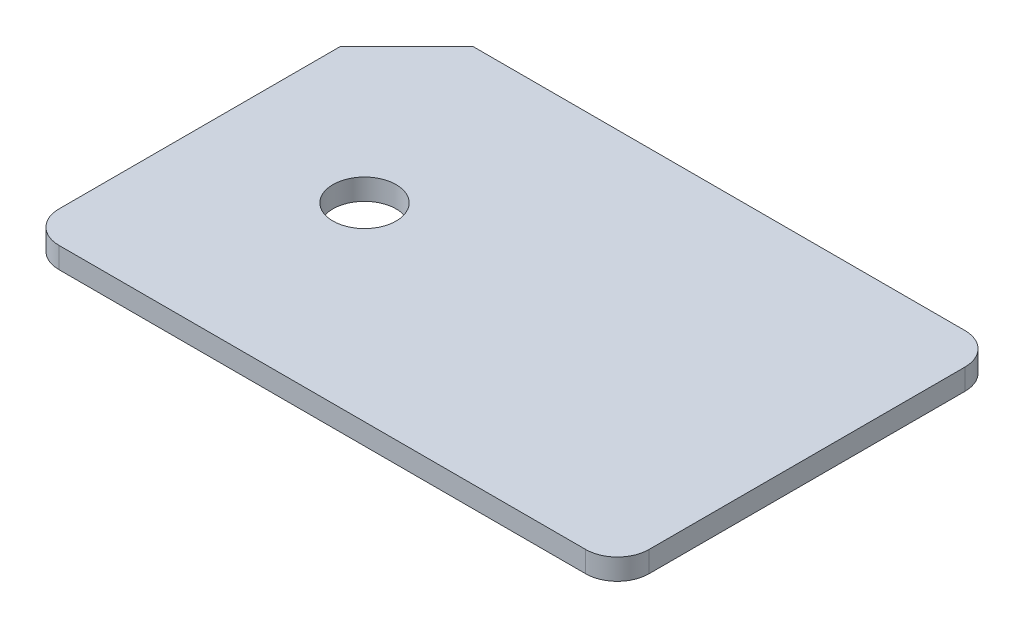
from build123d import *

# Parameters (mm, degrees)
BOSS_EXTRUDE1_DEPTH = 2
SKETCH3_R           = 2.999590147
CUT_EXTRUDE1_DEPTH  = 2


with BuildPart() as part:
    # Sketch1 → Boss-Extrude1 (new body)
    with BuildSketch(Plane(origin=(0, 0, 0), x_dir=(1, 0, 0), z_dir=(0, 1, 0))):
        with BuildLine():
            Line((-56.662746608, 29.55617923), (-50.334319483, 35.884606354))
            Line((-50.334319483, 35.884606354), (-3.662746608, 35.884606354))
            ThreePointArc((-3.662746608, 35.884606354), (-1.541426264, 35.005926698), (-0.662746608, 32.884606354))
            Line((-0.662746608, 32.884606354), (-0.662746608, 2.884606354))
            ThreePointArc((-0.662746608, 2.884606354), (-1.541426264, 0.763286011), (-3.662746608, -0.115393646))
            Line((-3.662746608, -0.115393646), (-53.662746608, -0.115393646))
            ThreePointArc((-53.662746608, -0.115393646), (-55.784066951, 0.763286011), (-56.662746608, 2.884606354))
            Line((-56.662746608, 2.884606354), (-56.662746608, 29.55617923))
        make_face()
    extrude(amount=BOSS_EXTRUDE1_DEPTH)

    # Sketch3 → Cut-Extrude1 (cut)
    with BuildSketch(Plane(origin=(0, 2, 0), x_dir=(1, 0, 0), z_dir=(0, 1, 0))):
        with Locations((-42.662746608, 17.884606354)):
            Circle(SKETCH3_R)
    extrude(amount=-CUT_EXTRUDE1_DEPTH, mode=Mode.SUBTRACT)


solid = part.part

| YOUR INSTRUCTIONS |
When you return the listing, keep each line exact and leave the pictures out.

| WRITTEN ANSWER |
from build123d import *

# Parameters (mm, degrees)
BOSS_EXTRUDE1_DEPTH = 2
SKETCH3_R           = 2.999590147
CUT_EXTRUDE1_DEPTH  = 2


with BuildPart() as part:
    # Sketch1 → Boss-Extrude1 (new body)
    with BuildSketch(Plane(origin=(0, 0, 0), x_dir=(1, 0, 0), z_dir=(0, 1, 0))):
        with BuildLine():
            Line((-56.662746608, 29.55617923), (-50.334319483, 35.884606354))
            Line((-50.334319483, 35.884606354), (-3.662746608, 35.884606354))
            ThreePointArc((-3.662746608, 35.884606354), (-1.541426264, 35.005926698), (-0.662746608, 32.884606354))
            Line((-0.662746608, 32.884606354), (-0.662746608, 2.884606354))
            ThreePointArc((-0.662746608, 2.884606354), (-1.541426264, 0.763286011), (-3.662746608, -0.115393646))
            Line((-3.662746608, -0.115393646), (-53.662746608, -0.115393646))
            ThreePointArc((-53.662746608, -0.115393646), (-55.784066951, 0.763286011), (-56.662746608, 2.884606354))
            Line((-56.662746608, 2.884606354), (-56.662746608, 29.55617923))
        make_face()
    extrude(amount=BOSS_EXTRUDE1_DEPTH)

    # Sketch3 → Cut-Extrude1 (cut)
    with BuildSketch(Plane(origin=(0, 2, 0), x_dir=(1, 0, 0), z_dir=(0, 1, 0))):
        with Locations((-42.662746608, 17.884606354)):
            Circle(SKETCH3_R)
    extrude(amount=-CUT_EXTRUDE1_DEPTH, mode=Mode.SUBTRACT)


solid = part.part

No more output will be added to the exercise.